### Dataset records
= = = = = = =

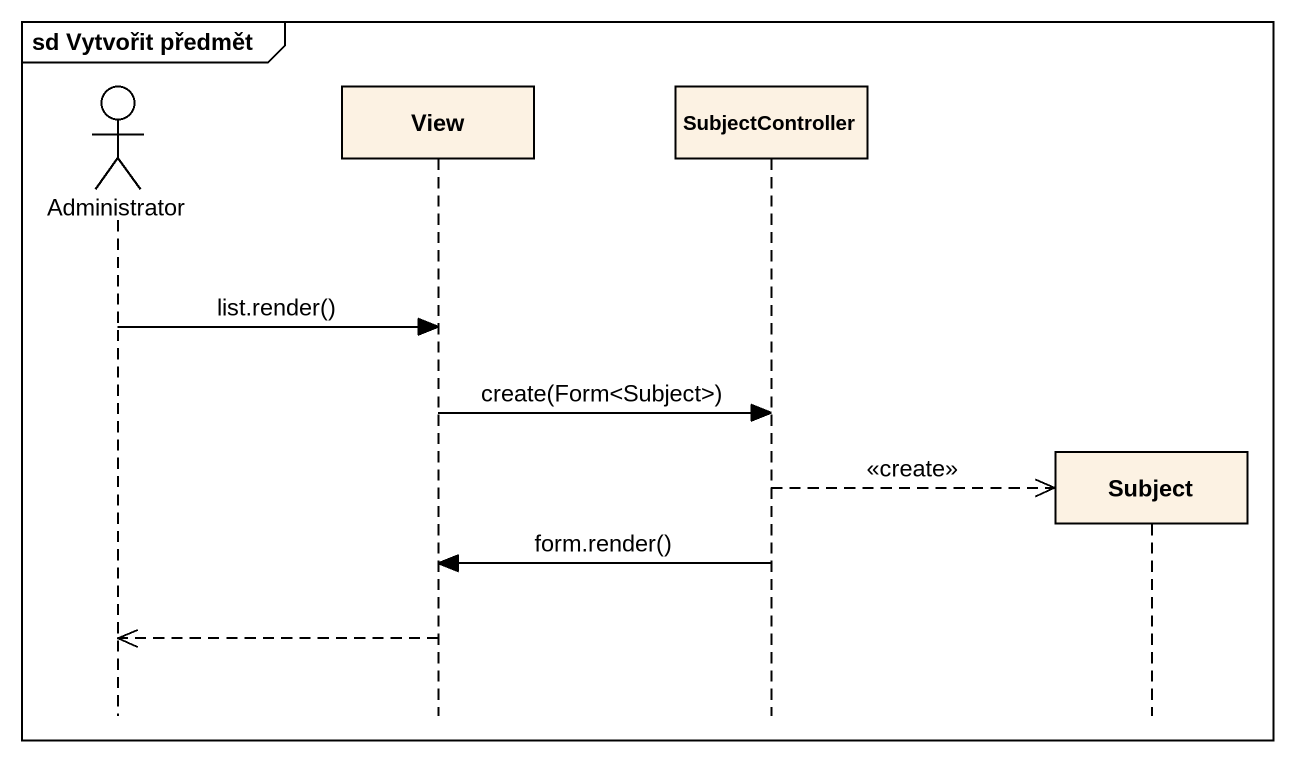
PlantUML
@startuml
mainframe sd Vytvořit předmět
hide footbox
actor Administrator
participant View
participant SubjectController
participant Subject

Administrator -> View : list.render()
View -> SubjectController : create(Form<Subject>)
SubjectController -->> Subject ** : <<create>>
SubjectController -> View : form.render()
View -->> Administrator
@enduml
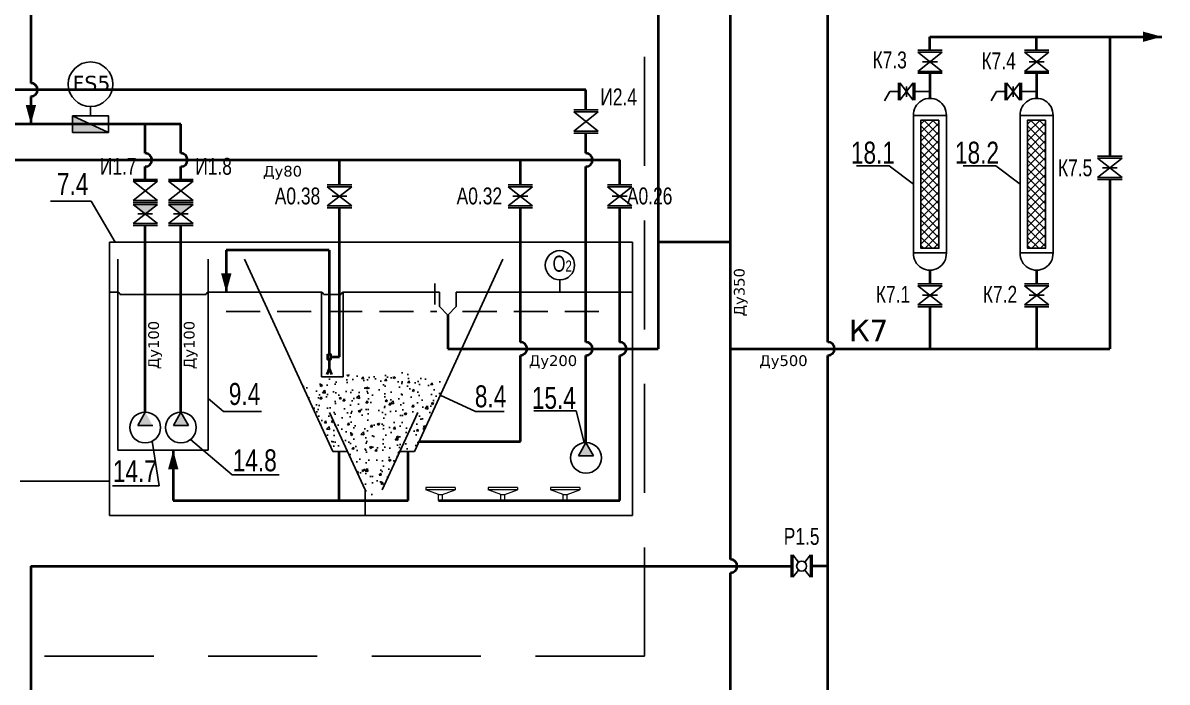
# Model space of a CAD drawing. Extents: x 151310 to 250336, y -70311 to -4848.
# Drawn here: x 242341 to 250336, y -26517 to -21911 of the extents above; entities that cross this region are included whole.
import ezdxf

# ---------------------------------------------------------------- set-up
doc = ezdxf.new("R2010")
doc.units = 0
doc.header["$LTSCALE"] = 300
doc.header["$MEASUREMENT"] = 0
doc.linetypes.add('DASHED2', pattern=[9.525, 6.35, -3.175])
doc.linetypes.add('HIDDEN2', pattern=[4.7625, 3.175, -1.5875])
for name, color, linetype in [('1', 7, 'CONTINUOUS'), ('Обозначение задвижек', 7, 'CONTINUOUS'), ('Слой1', 7, 'CONTINUOUS')]:
    doc.layers.add(name, color=color, linetype=linetype)
for name, color, linetype, lineweight, true_color in [('А0', 7, 'CONTINUOUS', 40, 0x00befa), ('И1', 7, 'CONTINUOUS', 40, 0xfa8200), ('И2', 7, 'CONTINUOUS', 40, 0xc86400), ('К7', 7, 'CONTINUOUS', 40, 0x0000fa), ('Р1', 7, 'CONTINUOUS', 40, 0xfa00fa)]:
    doc.layers.add(name, color=color, linetype=linetype, lineweight=lineweight, true_color=true_color)
doc.layers.add('воздух', color=140, linetype='CONTINUOUS', lineweight=15)
doc.layers.add('Запорная арматура', color=7, linetype='CONTINUOUS', lineweight=20)
doc.styles.add('MONARCH', font='monarch', dxfattribs={"width": 0.77})

msp = doc.modelspace()

# ---------------------------------------------------------------- hatches: boundary and pattern name
at = {"layer": '1', "ltscale": 0.5}
msp.add_hatch(color=256, dxfattribs=at).paths.add_polyline_path([(242688.1, -22559.9), (242688.1, -22676.3), (242939.5, -22676.3)])
at = {"layer": '1'}
h = msp.add_hatch(dxfattribs=at)
h.set_pattern_fill('ANSI37', color=124, scale=13.329378, angle=-90, style=0)
h.set_pattern_definition([(315, (222605.45, -10863.34), (29.925307, 29.925307), []), (45, (222605.45, -10863.34), (-29.925307, 29.925307), [])])
h.paths.add_polyline_path([(248616.4, -23485.5), (248742.3, -23485.5), (248742.3, -22590.1), (248616.4, -22590.1)])
h = msp.add_hatch(dxfattribs=at)
h.set_pattern_fill('ANSI37', color=124, scale=13.329378, angle=-90, style=0)
h.set_pattern_definition([(315, (223350.75, -10863.34), (29.925307, 29.925307), []), (45, (223350.75, -10863.34), (-29.925307, 29.925307), [])])
h.paths.add_polyline_path([(249361.7, -23485.5), (249487.6, -23485.5), (249487.6, -22590.1), (249361.7, -22590.1)])
at = {"layer": '1', "ltscale": 0.4}
h = msp.add_hatch(color=256, dxfattribs=at)
h.dxf.hatch_style = 1
h.paths.add_polyline_path([(243196.4, -23246.1), (243282.1, -23179), (243110.8, -23179)])
h = msp.add_hatch(color=256, dxfattribs=at)
h.dxf.hatch_style = 1
h.paths.add_polyline_path([(243444.9, -23246.1), (243530.6, -23179), (243359.3, -23179)])
h = msp.add_hatch(dxfattribs=at)
h.set_pattern_fill('AR-CONC', color=34, scale=22.393355)
h.set_pattern_definition([(50, (114776.1, 28898.61), (160.61862, -14.05231), [16.79502, -184.74518]), (355, (114776.1, 28898.61), (-31.07108, 168.44105), [13.43601, -147.79614]), (100.45144, (114789.48, 28897.44), (129.54754, 154.38874), [14.27357, -157.00924]), (46.1842, (114776.1, 28943.4), (238.99114, -37.06532), [25.19252, -277.11776]), (96.63564, (114796.01, 28940.3), (209.30216, 218.13783), [21.41036, -235.514]), (351.18416, (114776.1, 28943.4), (209.30216, 218.13783), [20.154, -221.6942]), (21, (114798.49, 28932.2), (133.66751, -90.15988), [16.79502, -184.74518]), (326, (114798.49, 28932.2), (54.48647, 162.38542), [13.43601, -147.79614]), (71.45144, (114809.63, 28924.69), (188.15398, 72.22554), [14.27357, -157.00924]), (37.5, (114776.1, 28898.61), (2.723, 74.546101), [0, -146.00467, 0, -150.035476, 0, -148.355974]), (7.5, (114776.1, 28898.61), (58.910094, 88.322013), [0, -85.542615, 0, -142.64567, 0, -56.54322]), (327.5, (114726.16, 28898.61), (119.54075, -5.050792), [0, -55.983387, 0, -174.668166, 0, -231.77122]), (317.5, (114703.77, 28898.61), (130.59495, 22.41686), [0, -72.7784, 0, -115.99758, 0, -164.59116])])
edge = h.paths.add_edge_path()
edge.add_spline(control_points=[(244792.3, -24326.7), (244777.8, -24328.1), (244716.3, -24337.8), (244536.6, -24398.5), (244378, -24399.3), (244274.7, -24399.7)], knot_values=[0, 0, 0, 0, 80.804269, 342.164733, 830.449842, 830.449842, 830.449842, 830.449842], degree=3, periodic=0)
edge.add_line((244274.7, -24399.7), (244507.3, -24906))
edge.add_line((244507.3, -24906), (244609.1, -24906))
edge.add_line((244609.1, -24906), (244599.3, -24884.7))
edge.add_line((244599.3, -24884.7), (244792.3, -24803.7))
edge.add_line((244792.3, -24803.7), (244792.3, -24326.7))
edge = h.paths.add_edge_path()
edge.add_spline(control_points=[(245298.1, -24425.6), (245241.4, -24414.7), (244961.5, -24336.8), (244846.5, -24321.6), (244792.3, -24326.7)], knot_values=[830.449842, 830.449842, 830.449842, 830.449842, 1167.258754, 1468.321581, 1468.321581, 1468.321581, 1468.321581], degree=3, periodic=0)
edge.add_line((244792.3, -24326.7), (244792.3, -24803.7))
edge.add_line((244792.3, -24803.7), (244985.4, -24884.7))
edge.add_line((244985.4, -24884.7), (244975.6, -24906))
edge.add_line((244975.6, -24906), (245077.3, -24906))
edge.add_line((245077.3, -24906), (245298.1, -24425.6))
h.paths.add_polyline_path([(244985.4, -24884.7), (244792.3, -24803.7), (244599.3, -24884.7), (244609.1, -24906), (244764.7, -25244.7), (244820, -25244.7)])
at = {"layer": '1', "ltscale": 0.3}
h = msp.add_hatch(color=1, dxfattribs=at)
h.dxf.hatch_style = 1
h.paths.add_polyline_path([(243196.4, -24630.9), (243143.7, -24723.8), (243248.4, -24723.8)])
h = msp.add_hatch(color=1, dxfattribs=at)
h.dxf.hatch_style = 1
h.paths.add_polyline_path([(243444.9, -24630.9), (243497.7, -24723.8), (243392.9, -24723.8)])
h = msp.add_hatch(color=1, dxfattribs=at)
h.dxf.hatch_style = 1
h.paths.add_polyline_path([(246275.4, -24842.8), (246328.1, -24935.7), (246223.4, -24935.7)])

# ---------------------------------------------------------------- linework, layer by layer
at = {"layer": '1'}
for p, q in [((248593.5, -22102.3), (248764.8, -22102.3)), ((248764.8, -22115.7), (248593.5, -22115.7)), ((248593.5, -22115.7), (248764.8, -22250)), ((248593.5, -22250), (248764.8, -22115.7)), ((249338.8, -22102.3), (249510.1, -22102.3)), ((249510.1, -22115.7), (249338.8, -22115.7)), ((249338.8, -22115.7), (249510.1, -22250)), ((249338.8, -22250), (249510.1, -22115.7)), ((248627.7, -22182.9), (248730.5, -22182.9)), ((248627.7, -22182.9), (248731, -22182.9)), ((249373, -22182.9), (249475.8, -22182.9)), ((249373, -22182.9), (249476.3, -22182.9)), ((248764.8, -22250), (248593.5, -22250)), ((248593.5, -22263.4), (248764.8, -22263.4)), ((249510.1, -22250), (249338.8, -22250)), ((249338.8, -22263.4), (249510.1, -22263.4)), ((246361.3, -22519.6), (246190, -22519.6)), ((246190, -22533.1), (246361.3, -22533.1)), ((246361.3, -22533.1), (246190, -22667.3)), ((246361.3, -22667.3), (246190, -22533.1)), ((246190, -22667.3), (246361.3, -22667.3)), ((246361.3, -22680.8), (246190, -22680.8)), ((249850.6, -22843.2), (250021.9, -22843.2)), ((250021.9, -22856.6), (249850.6, -22856.6)), ((249850.6, -22856.6), (250021.9, -22990.9)), ((249850.6, -22990.9), (250021.9, -22856.6)), ((249884.9, -22923.7), (249987.6, -22923.7)), ((249884.9, -22923.7), (249988.2, -22923.7)), ((243282.1, -23004.4), (243110.8, -23004.4)), ((243110.8, -23017.9), (243282.1, -23017.9)), ((243282.1, -23017.9), (243110.8, -23152.1)), ((243282.1, -23152.1), (243110.8, -23017.9)), ((243530.6, -23004.4), (243359.3, -23004.4)), ((243359.3, -23017.9), (243530.6, -23017.9)), ((243530.6, -23017.9), (243359.3, -23152.1)), ((243530.6, -23152.1), (243359.3, -23017.9)), ((250021.9, -22990.9), (249850.6, -22990.9)), ((249850.6, -23004.3), (250021.9, -23004.3)), ((244639.1, -23042.3), (244467.8, -23042.3)), ((244467.8, -23055.7), (244639.1, -23055.7)), ((244639.1, -23055.7), (244467.8, -23190)), ((244639.1, -23190), (244467.8, -23055.7)), ((245903.1, -23042.1), (245731.8, -23042.1)), ((245731.8, -23055.6), (245903.1, -23055.6)), ((245903.1, -23055.6), (245731.8, -23189.8)), ((245903.1, -23189.8), (245731.8, -23055.6)), ((246596.9, -23042.1), (246425.7, -23042.1)), ((246425.7, -23055.6), (246596.9, -23055.6)), ((246596.9, -23055.6), (246425.7, -23189.8)), ((246596.9, -23189.8), (246425.7, -23055.6)), ((243110.8, -23152.1), (243282.1, -23152.1)), ((243282.1, -23165.5), (243110.8, -23165.5)), ((243110.8, -23179), (243282.1, -23179)), ((243282.1, -23179), (243110.8, -23313.2)), ((243282.1, -23313.2), (243110.8, -23179)), ((243359.3, -23152.1), (243530.6, -23152.1)), ((243530.6, -23165.5), (243359.3, -23165.5)), ((243359.3, -23179), (243530.6, -23179)), ((243530.6, -23179), (243359.3, -23313.2)), ((243530.6, -23313.2), (243359.3, -23179)), ((244604.8, -23122.9), (244501.5, -23122.9)), ((244604.8, -23122.9), (244502.1, -23122.9)), ((245868.8, -23122.7), (245765.6, -23122.7)), ((245868.8, -23122.7), (245766.1, -23122.7)), ((246562.7, -23122.7), (246459.4, -23122.7)), ((246562.7, -23122.7), (246459.9, -23122.7)), ((243247.8, -23246.1), (243144.5, -23246.1)), ((243247.8, -23246.1), (243145.1, -23246.1)), ((243496.3, -23246.1), (243393, -23246.1)), ((243496.3, -23246.1), (243393.5, -23246.1)), ((244467.8, -23190), (244639.1, -23190)), ((244639.1, -23203.4), (244467.8, -23203.4)), ((245731.8, -23189.8), (245903.1, -23189.8)), ((245903.1, -23203.3), (245731.8, -23203.3)), ((246425.7, -23189.8), (246596.9, -23189.8)), ((246596.9, -23203.3), (246425.7, -23203.3)), ((243110.8, -23313.2), (243282.1, -23313.2)), ((243282.1, -23326.7), (243110.8, -23326.7)), ((243359.3, -23313.2), (243530.6, -23313.2)), ((243530.6, -23326.7), (243359.3, -23326.7)), ((248593.5, -23733.8), (248764.8, -23733.8)), ((249338.8, -23733.8), (249510.1, -23733.8)), ((248764.8, -23747.2), (248593.5, -23747.2)), ((248593.5, -23881.5), (248764.8, -23747.2)), ((248593.5, -23747.2), (248764.8, -23881.5)), ((248627.7, -23814.4), (248730.5, -23814.4)), ((248627.7, -23814.4), (248731, -23814.4)), ((249510.1, -23747.2), (249338.8, -23747.2)), ((249338.8, -23881.5), (249510.1, -23747.2)), ((249338.8, -23747.2), (249510.1, -23881.5)), ((249373, -23814.4), (249475.8, -23814.4)), ((249373, -23814.4), (249476.3, -23814.4)), ((248764.8, -23881.5), (248593.5, -23881.5)), ((248593.5, -23894.9), (248764.8, -23894.9)), ((249510.1, -23881.5), (249338.8, -23881.5)), ((249338.8, -23894.9), (249510.1, -23894.9)), ((247709.3, -25628.8), (247709.3, -25784.5)), ((247721.5, -25784.5), (247721.5, -25628.8)), ((247721.5, -25628.8), (247760.9, -25679.2)), ((247843.5, -25628.8), (247804, -25679.2)), ((247843.5, -25784.5), (247843.5, -25628.8)), ((247855.7, -25628.8), (247855.7, -25784.5)), ((247760.9, -25734.2), (247721.5, -25784.5)), ((247804, -25734.2), (247843.5, -25784.5))]:
    msp.add_line(p, q, dxfattribs=at)
at = {"layer": '1', "color": 64}
for p, q in [((248459.6, -22330.7), (248459.6, -22450.6)), ((248469, -22450.6), (248469, -22330.7)), ((248563, -22330.7), (248469, -22450.6)), ((248469, -22330.7), (248563, -22450.6)), ((248516, -22354.7), (248516, -22426.6)), ((248516, -22354.7), (248516, -22427)), ((248563, -22450.6), (248563, -22330.7)), ((248572.4, -22330.7), (248572.4, -22450.6)), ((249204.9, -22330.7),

= = = = = = =

### How to complete this task
In the entries above, find each line with the word "linetypes" and copy it.

### Reply
doc.linetypes.add('DASHED2', pattern=[9.525, 6.35, -3.175])
doc.linetypes.add('HIDDEN2', pattern=[4.7625, 3.175, -1.5875])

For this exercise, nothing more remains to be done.